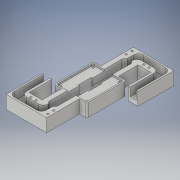
# Autodesk Inventor part: Enclosure_Bottom V6
Saved by Autodesk Inventor 2017 (Build 210142000, 142)
## iProperties
Created: 2017-11-29
Part Number: Enclosure_Bottom V6
Material: Generic
Document SubType Name: Modeling
Designer: Tripl_000
Density: 1 g/cm^3
Appearance: Default
Author: Tripl_000
Autodesk Inventor part; units mm, degrees
ref_plane "YZ Plane" through (0, 0, 0) normal (1, 0, 0) x (0, 1, 0)
ref_plane "XZ Plane" through (0, 0, 0) normal (0, 1, 0) x (-1, 0, 0)
ref_plane "XY Plane" through (0, 0, 0) normal (0, 0, 1) x (1, 0, 0)
sketch "Sketch1" plane through (0, 0, 0) normal (0, 1, 0) x (-1, 0, 0)
  line L0 (-25, 30) -> (25, 30)
  line L1 (25, 30) -> (25, -30)
  line L2 (25, -30) -> (-25, -30)
  line L3 (-25, -30) -> (-25, 30)
  line L4 (-25, 30) -> (25, -30) construction
  line L5 (25, 30) -> (-25, -30) construction
  point P0 (0, 0)
  dimension "d0" = 50
  dimension "d1" = 60
  constraints: 12 end point, 2 midpoint, 2 parallel, 1 horizontal, 1 perpendicular
  measures "d0" distance of L1.end L2.end
  measures "d1" distance of L0.end L1.end
extrude "Extrusion1" add sketch "Sketch1" along normal blind 20
sketch "Sketch2" plane through (-25, 0, 30) normal (0, 0, 1) x (1, 0, 0)
  line L0 (0, 20) -> (50, 20) projected
  line L1 (18.5, 20) -> (31.5, 20)
  line L2 (31.5, 20) -> (31.5, 7)
  line L3 (31.5, 7) -> (18.5, 7)
  line L4 (18.5, 7) -> (18.5, 20)
  line L5 (0, 0) -> (0, 20) projected
  point P0 (25, 0)
  dimension "d4" = 13
  dimension "d5" = 13
  dimension "d6" = 18.5
  constraints: 8 end point, 2 parallel, 1 horizontal, 1 perpendicular, 1 point on line
  measures "d4" distance between parallel lines of L2 L4
  measures "d5" distance between parallel lines of L0 L3
  measures "d6" distance between parallel lines of L4 L5
sketch "Sketch3" plane through (0, 20, 0) normal (0, 1, 0) x (1, 0, 0)
  line L0 (-11.25, 7.5) -> (11.25, 7.5)
  line L1 (11.25, 7.5) -> (11.25, -7.5)
  line L2 (11.25, -7.5) -> (-11.25, -7.5)
  line L3 (-11.25, -7.5) -> (-11.25, 7.5)
  line L4 (-11.25, 7.5) -> (11.25, -7.5) construction
  line L5 (11.25, 7.5) -> (-11.25, -7.5) construction
  point P0 (0, 0)
  dimension "d7" = 22.5
  dimension "d8" = 15
  constraints: 12 end point, 2 midpoint, 2 parallel, 1 horizontal, 1 perpendicular
  measures "d7" distance of L0.start L0.end
  measures "d8" distance between parallel lines of L2 L0
shell "Shell1" thickness 2 removed faces 1 at (-8.3333, 20, -10)
sketch "Sketch4" plane through (-23, 2, 28) normal (0, 1, 0) x (1, 0, 0)
  line L0 (0, 0) -> (0, 56) projected
  line L1 (46, 56) -> (46, 0) projected
  line L2 (0, 56) -> (46, 56)
  line L3 (46, 56) -> (46, 0)
  line L4 (46, 0) -> (0, 0)
  line L5 (0, 0) -> (0, 56)
  point P0 (23, 28)
  constraints: 8 end point, 2 parallel, 1 horizontal, 1 perpendicular
extrude "Extrusion2" add sketch "Sketch4" along normal blind 15.5
extrude "Extrusion3" cut sketch "Sketch3" against normal blind 13
extrude "Extrusion4" cut sketch "Sketch2" against normal through all
sketch "Sketch5" plane through (-23, 17.5, 28) normal (0, 1, 0) x (1, 0, 0)
  circle A0 centre (3, 53) radius 1.5
  line L0 (-27.6389, 28) -> (76.1675, 28)
  line L1 (23, 61.4826) -> (23, -6.2799)
  circle A1 centre (43, 53) radius 1.5
  circle A2 centre (3, 3) radius 1.5
  circle A3 centre (43, 3) radius 1.5
  point P0 (23, 28)
  dimension "d16" = 25
  dimension "d17" = 20
  dimension "d18" = 3
  constraints: 4 centre point, 4 end point, 3 symmetric about line, 1 horizontal, 1 vertical, 3 other
  measures "d16" vertical distance of point (23, 28) A0.centre
  measures "d17" horizontal distance of point (23, 28) A0.centre
  measures "d18" diameter of A0
extrude "Extrusion5" cut sketch "Sketch5" against normal through all
fillet "Fillet1" radius 2 8 edges at (25, 10, 30) (25, 10, -30) (-25, 10, 30) (-25, 10, -30) (-23, 18.75, -28) (23, 18.75, -28) (-23, 18.75, 28) (23, 18.75, 28)
sketch "Sketch6" plane through (-6.5, 7, 30) normal (0, 0, 1) x (1, 0, 0)
  line L0 (20, 13) -> (20, -7)
  line L1 (20, -7) -> (-7, -7)
  line L2 (-7, -7) -> (-7, 13)
  line L3 (-16.5, 13) -> (0, 13) projected
  line L4 (-18.5, 13) -> (-18.5, -7) projected
  line L5 (13, 0) -> (0, 0) projected
  line L6 (0, 13) -> (0, 0)
  line L7 (13, 13) -> (13, 0) projected
  line L8 (0, 0) -> (13, 0)
  line L9 (13, 0) -> (13, 13)
  line L10 (-7, 13) -> (0, 13)
  line L11 (13, 13) -> (20, 13)
  point P0 (6.5, -7)
  dimension "d23" = 11.5
  dimension "d24" = 27
  constraints: 16 end point, 4 perpendicular, 3 parallel, 2 horizontal, 1 collinear
  measures "d23" distance between parallel lines of L4 L2
  measures "d24" distance between parallel lines of L0 L2
extrude "Extrusion6" add sketch "Sketch6" along normal blind 30
sketch "Sketch7" plane through (6.5, 7, -30) normal (0, 0, -1) x (-1, 0, 0)
  line L0 (20, 13) -> (20, -7) projected
  line L1 (20, -7) -> (-7, -7) projected
  line L2 (-7, -7) -> (-7, 13) projected
  line L3 (-7, 13) -> (0, 13) projected
  line L4 (0, 13) -> (0, 0) projected
  line L5 (0, 0) -> (13, 0) projected
  line L6 (13, 0) -> (13, 13) projected
  line L7 (13, 13) -> (20, 13) projected
  point P0 (6.5, -7)
extrude "Extrusion7" add sketch "Sketch7" along normal blind 30
sketch "Sketch8" plane through (6.5, 7, -60) normal (0, 0, -1) x (-1, 0, 0)
  line L0 (-7, -7) -> (-7, 13) projected
  line L1 (20, -7) -> (20, 13) projected
  line L2 (-7, 13) -> (20, 13)
  line L3 (20, 13) -> (20, -7)
  line L4 (20, -7) -> (-7, -7)
  line L5 (-7, -7) -> (-7, 13)
  point P0 (6.5, -7)
  constraints: 8 end point, 2 parallel, 1 horizontal, 1 perpendicular
extrude "Extrusion8" add sketch "Sketch8" along normal blind 20
sketch "Sketch9" plane through (13.5, 0, -30) normal (1, 0, 0) x (0, 0, -1)
  line L0 (50, 0) -> (50, 20) projected
  line L1 (0, 20) -> (50, 20) projected
  line L2 (50, 0) -> (30, 0)
  line L3 (30, 0) -> (30, 20)
  line L4 (30, 20) -> (50, 20)
  line L5 (50, 20) -> (50, 0)
  point P0 (-30, 0)
  dimension "d32" = 20
  constraints: 8 end point, 2 parallel, 1 horizontal, 1 perpendicular, 1 point on line
  measures "d32" distance between parallel lines of L0 L3
extrude "Extrusion9" add sketch "Sketch9" along normal blind 21.5
sketch "Sketch10" plane through (35, 0, -30) normal (1, 0, 0) x (0, 0, -1)
  line L0 (50, 0) -> (50, 20) projected
  line L1 (30, 20) -> (30, 0) projected
  line L2 (50, 0) -> (30, 0)
  line L3 (30, 0) -> (30, 20)
  line L4 (30, 20) -> (50, 20)
  line L5 (50, 20) -> (50, 0)
  point P0 (-30, 0)
  constraints: 8 end point, 2 parallel, 1 horizontal, 1 perpendicular
extrude "Extrusion10" add sketch "Sketch10" along normal blind 13.5
ref_plane "Work Plane1" through (6.5, 7, 0) normal (0, 0, 1) x (1, 0, 0)
mirror "Mirror1" about plane through (6.5, 7, 0) normal (0, 0, 1) of "Extrusion8"
sketch "Sketch11" plane through (-13.5, 0, 30) normal (-1, 0, 0) x (0, 0, 1)
  line L0 (50, 20) -> (50, 0) projected
  line L1 (0, 0) -> (50, 0) projected
  line L2 (50, 20) -> (30, 20)
  line L3 (30, 20) -> (30, 0)
  line L4 (30, 0) -> (50, 0)
  line L5 (50, 0) -> (50, 20)
  point P0 (-30, 0)
  dimension "d38" = 20
  constraints: 8 end point, 2 parallel, 1 horizontal, 1 perpendicular, 1 point on line
  measures "d38" distance of L0.start L2.end
extrude "Extrusion11" add sketch "Sketch11" along normal blind 35
sketch "Sketch12" plane through (13.5, 0, -60) normal (0, 0, 1) x (1, 0, 0)
  line L0 (0, 0) -> (35, 0) projected
  line L1 (0, 20) -> (35, 20) projected
  line L2 (35, 0) -> (20, 0)
  line L3 (20, 0) -> (20, 20)
  line L4 (20, 20) -> (35, 20)
  line L5 (35, 20) -> (35, 0)
  point P0 (-13.5, 0)
  dimension "d41" = 15
  constraints: 8 end point, 2 parallel, 1 horizontal, 1 perpendicular, 1 point on line
  measures "d41" distance between parallel lines of L5 L3
extrude "Extrusion12" add sketch "Sketch12" along normal blind 35
sketch "Sketch13" plane through (-13.5, 0, 60) normal (0, 0, -1) x (-1, 0, 0)
  line L0 (35, 0) -> (35, 20) projected
  line L1 (35, 20) -> (-27, 20) projected
  line L2 (35, 0) -> (20, 0)
  line L3 (20, 0) -> (20, 20)
  line L4 (20, 20) -> (35, 20)
  line L5 (35, 20) -> (35, 0)
  point P0 (-13.5, 0)
  dimension "d44" = 15
  constraints: 8 end point, 2 parallel, 1 horizontal, 1 perpendicular, 1 point on line
  measures "d44" distance between parallel lines of L0 L3
extrude "Extrusion13" add sketch "Sketch13" along normal blind 35
sketch "Sketch14" plane through (6.5, 7, -60) normal (0, 0, 1) x (1, 0, 0)
  line L0 (-9.75, 13) -> (-3.25, 13)
  line L1 (-3.25, 13) -> (-3.25, 0)
  line L2 (-3.25, 0) -> (-9.75, 0)
  line L3 (-9.75, 0) -> (-9.75, 13)
  line L4 (-13, 0) -> (0, 0) projected
  line L5 (0, 0) -> (0, 13) projected
  point P0 (-6.5, -7)
  dimension "d51" = 0
  dimension "d52" = 6.5
  dimension "d53" = 3.25
  dimension "d54" = 13
  constraints: 8 end point, 2 parallel, 1 horizontal, 1 perpendicular
  measures "d51" distance between parallel lines of L4 L2
  measures "d52" distance between parallel lines of L1 L3
  measures "d53" distance between parallel lines of L5 L1
  measures "d54" distance of L2.end L0.start
extrude "Extrusion14" cut sketch "Sketch14" against normal blind 17.5
mirror "Mirror2" about plane through (6.5, 7, 0) normal (0, 0, 1) of "Extrusion14"
sketch "Sketch15" plane through (3.25, 7, -60) normal (-1, 0, 0) x (0, 0, 1)
  line L0 (-17.5, 13) -> (-17.5, 0) projected
  line L1 (-17.5, 0) -> (-8.5, 0)
  line L2 (-8.5, 0) -> (-8.5, 13)
  line L3 (-8.5, 13) -> (-17.5, 13)
  line L4 (-17.5, 13) -> (-17.5, 0)
  point P0 (60, -7)
  dimension "d61" = 13
  dimension "d62" = 9
  constraints: 8 end point, 2 parallel, 1 horizontal, 1 perpendicular
  measures "d61" distance of L1.end L2.end
  measures "d62" distance of L2.end L3.end
extrude "Extrusion15" cut sketch "Sketch15" against normal blind 43
sketch "Sketch16" plane through (3.25, 7, -68.5) normal (0, 0, -1) x (-1, 0, 0)
  line L0 (-43, 13) -> (-33.5, 13)
  line L1 (-33.5, 13) -> (-33.5, 0)
  line L2 (-33.5, 0) -> (-43, 0)
  line L3 (-43, 0) -> (-43, 13)
  line L4 (0, 0) -> (-43, 0) projected
  line L5 (-43, 13) -> (-43, 0) projected
  point P0 (3.25, -7)
  dimension "d73" = 9.5
  dimension "d74" = 0
  dimension "d75" = 0
  dimension "d76" = 13
  constraints: 8 end point, 2 parallel, 1 horizontal, 1 perpendicular
  measures "d73" distance of L0.start L0.end
  measures "d74" distance between parallel lines of L4 L2
  measures "d75" distance between parallel lines of L5 L3
  measures "d76" distance of L0.end L1.end
extrude "Extrusion16" cut sketch "Sketch16" against normal through all
sketch "Sketch17" plane through (-3.25, 7, 60) normal (1, 0, 0) x (0, 0, -1)
  line L0 (-17.5, 0) -> (-8, 0)
  line L1 (-8, 0) -> (-8, 13)
  line L2 (-8, 13) -> (-17.5, 13)
  line L3 (-17.5, 13) -> (-17.5, 0)
  point P0 (60, -7)
  dimension "d83" = 13
  dimension "d84" = 9.5
  constraints: 8 end point, 2 parallel, 1 horizontal, 1 perpendicular
  measures "d83" distance of L0.end L1.end
  measures "d84" distance of L1.end L2.end
extrude "Extrusion17" cut sketch "Sketch17" against normal blind 43
sketch "Sketch18" plane through (-3.25, 7, 68) normal (0, 0, 1) x (1, 0, 0)
  line L0 (0, 0) -> (-43, 0) projected
  line L1 (-43, 0) -> (-33.5, 0)
  line L2 (-33.5, 0) -> (-33.5, 13)
  line L3 (-33.5, 13) -> (-43, 13)
  line L4 (-43, 13) -> (-43, 0)
  point P0 (3.25, -7)
  dimension "d91" = 13
  dimension "d92" = 9.5
  constraints: 8 end point, 2 parallel, 1 horizontal, 1 perpendicular
  measures "d91" distance of L1.end L2.end
  measures "d92" distance of L2.end L3.end
extrude "Extrusion18" cut sketch "Sketch18" against normal through all
fillet "Fillet2" radius 7.5 8 edges at (-46.25, 13.5, 77.5) (-36.75, 13.5, 68) (3.25, 13.5, 77.5) (-3.25, 13.5, 68) (-3.25, 13.5, -77.5) (3.25, 13.5, -68.5) (46.25, 13.5, -77.5) (36.75, 13.5, -68.5)
fillet "Fillet3" radius 5 4 edges at (-6.5, 13.5, 60) (6.5, 13.5, 60) (-6.5, 13.5, -60) (6.5, 13.5, -60)
sketch "Sketch19" plane through (0, 20, 0) normal (0, 1, 0) x (1, 0, 0)
  circle A0 centre (17.5, 65) radius 1.5
  circle A1 centre (25.5, 65) radius 1.5
  circle A2 centre (-9.5, 74) radius 1.5
  circle A3 centre (-9.5, 65) radius 1.5
  circle A4 centre (9.5, -74) radius 1.5
  circle A5 centre (9.5, -65) radius 1.5
  circle A6 centre (-25.5, -65) radius 1.5
  circle A7 centre (-17.5, -65) radius 1.5
  line L0 (13.5, 60) -> (33.5, 60) projected
  line L1 (13.5, 30) -> (13.5, 60) projected
  line L2 (-13.5, -30) -> (-13.5, -60) projected
  line L3 (-13.5, -60) -> (-33.5, -60) projected
  line L4 (-13.5, 30) -> (-13.5, 80) projected
  line L5 (13.5, -30) -> (13.5, -80) projected
  line L6 (-48.5, -80) -> (13.5, -80) projected
  line L7 (-13.5, 80) -> (48.5, 80) projected
  point P0 (0, 0)
  dimension "d97" = 5
  dimension "d98" = 5
  dimension "d99" = 4
  dimension "d100" = 12
  dimension "d101" = 3
  dimension "d102" = 3
  dimension "d103" = 4
  dimension "d104" = 12
  dimension "d105" = 5
  dimension "d106" = 5
  dimension "d107" = 3
  dimension "d108" = 3
  dimension "d109" = 4
  dimension "d110" = 4
  dimension "d111" = 4
  dimension "d112" = 4
  dimension "d113" = 6
  dimension "d114" = 15
  dimension "d115" = 6
  dimension "d116" = 15
  dimension "d117" = 3
  dimension "d118" = 3
  dimension "d119" = 3
  dimension "d120" = 3
  constraints: 8 centre point
  measures "d97" distance from line of A0.centre L0
  measures "d98" distance from line of L0 A1.centre
  measures "d99" distance from line of L1 A0.centre
  measures "d100" distance from line of L1 A1.centre
  measures "d101" diameter of A0
  measures "d102" diameter of A1
  measures "d103" distance from line of L2 A7.centre
  measures "d104" distance from line of L2 A6.centre
  measures "d105" distance from line of A6.centre L3
  measures "d106" distance from line of A7.centre L3
  measures "d107" diameter of A6
  measures "d108" diameter of A7
  measures "d109" distance from line of A3.centre L4
  measures "d110" distance from line of A2.centre L4
  measures "d111" distance from line of A5.centre L5
  measures "d112" distance from line of A4.centre L5
  measures "d113" distance from line of A4.centre L6
  measures "d114" distance from line of A5.centre L6
  measures "d115" distance from line of A2.centre L7
  measures "d116" distance from line of A3.centre L7
  measures "d117" diameter of A2
  measures "d118" diameter of A3
  measures "d119" diameter of A5
  measures "d120" diameter of A4
extrude "Extrusion19" cut sketch "Sketch19" against normal through all
sketch "Sketch20" plane through (-23, 17.5, 28) normal (0, 1, 0) x (1, 0, 0)
  line L0 (16.5, 20.5) -> (11.75, 20.5) projected
  line L1 (11.75, 35.5) -> (16.5, 35.5) projected
  line L2 (11.75, 20.5) -> (14.75, 20.5)
  line L3 (14.75, 20.5) -> (14.75, 35.5)
  line L4 (14.75, 35.5) -> (11.75, 35.5)
  line L5 (11.75, 35.5) -> (11.75, 20.5)
  line L6 (23, -121.2558) -> (23, 233.7966)
  point P0 (23, 28)
  dimension "d123" = 3
  constraints: 10 end point, 2 parallel, 1 horizontal, 1 perpendicular, 1 point on line, 1 vertical
  measures "d123" distance between parallel lines of L3 L5
extrude "Extrusion20" add sketch "Sketch20" against normal up to surface (10.5 mm away)
ref_plane "Work Plane2" through (0, 7, 7.5) normal (1, 0, 0) x (0, 0, -1)
mirror "Mirror3" about plane through (0, 7, 7.5) normal (1, 0, 0) of "Extrusion20"
sketch "Sketch21" plane through (-23, 17.5, 28) normal (0, 1, 0) x (1, 0, 0)
  line L0 (16.5, 0) -> (16.5, 20.5) projected
  line L1 (16.5, 18) -> (14.75, 18)
  line L2 (14.75, 18) -> (14.75, 38)
  line L3 (14.75, 38) -> (16.5, 38)
  line L4 (16.5, 38) -> (16.5, 18)
  line L5 (16.5, 20.5) -> (14.75, 20.5) projected
  line L6 (14.75, 35.5) -> (16.5, 35.5) projected
  line L7 (23, -99.3518) -> (23, 163.4818)
  line L8 (29.5, 18) -> (31.25, 18)
  line L9 (31.25, 18) -> (31.25, 38)
  line L10 (31.25, 38) -> (29.5, 38)
  line L11 (29.5, 38) -> (29.5, 18)
  point P0 (23, 28)
  dimension "d127" = 1.75
  dimension "d128" = 2.5
  dimension "d129" = 2.5
  constraints: 18 end point, 4 symmetric about line, 2 parallel, 1 horizontal, 1 perpendicular, 1 point on line, 1 vertical
  measures "d127" distance of L2.end L3.end
  measures "d128" distance between parallel lines of L5 L1
  measures "d129" distance between parallel lines of L3 L6
extrude "Extrusion21" cut sketch "Sketch21" against normal blind 16.5
sketch "Sketch22" plane through (0, 7, 0) normal (0, 1, 0) x (1, 0, 0)
  line L0 (-8.25, 10) -> (-6.5, 10) projected
  line L1 (6.5, -10) -> (-6.5, -10)
  line L2 (-6.5, -10) -> (-6.5, 10)
  line L3 (-6.5, 10) -> (6.5, 10)
  line L4 (6.5, 10) -> (6.5, -10)
  line L5 (6.5, -10) -> (-6.5, 10) construction
  line L6 (-6.5, -10) -> (6.5, 10) construction
  point P0 (0, 0)
  constraints: 12 end point, 2 midpoint, 2 parallel, 1 horizontal, 1 perpendicular
extrude "Extrusion22" cut sketch "Sketch22" against normal up to surface (6 mm away)
body "Solid1"

───

WHAT THE EXERCISE ASKS: Go through the material above, and wherever a line contains the string "symmetric", return it.

WRITTEN RESPONSE:
  constraints: 4 centre point, 4 end point, 3 symmetric about line, 1 horizontal, 1 vertical, 3 other
  constraints: 18 end point, 4 symmetric about line, 2 parallel, 1 horizontal, 1 perpendicular, 1 point on line, 1 vertical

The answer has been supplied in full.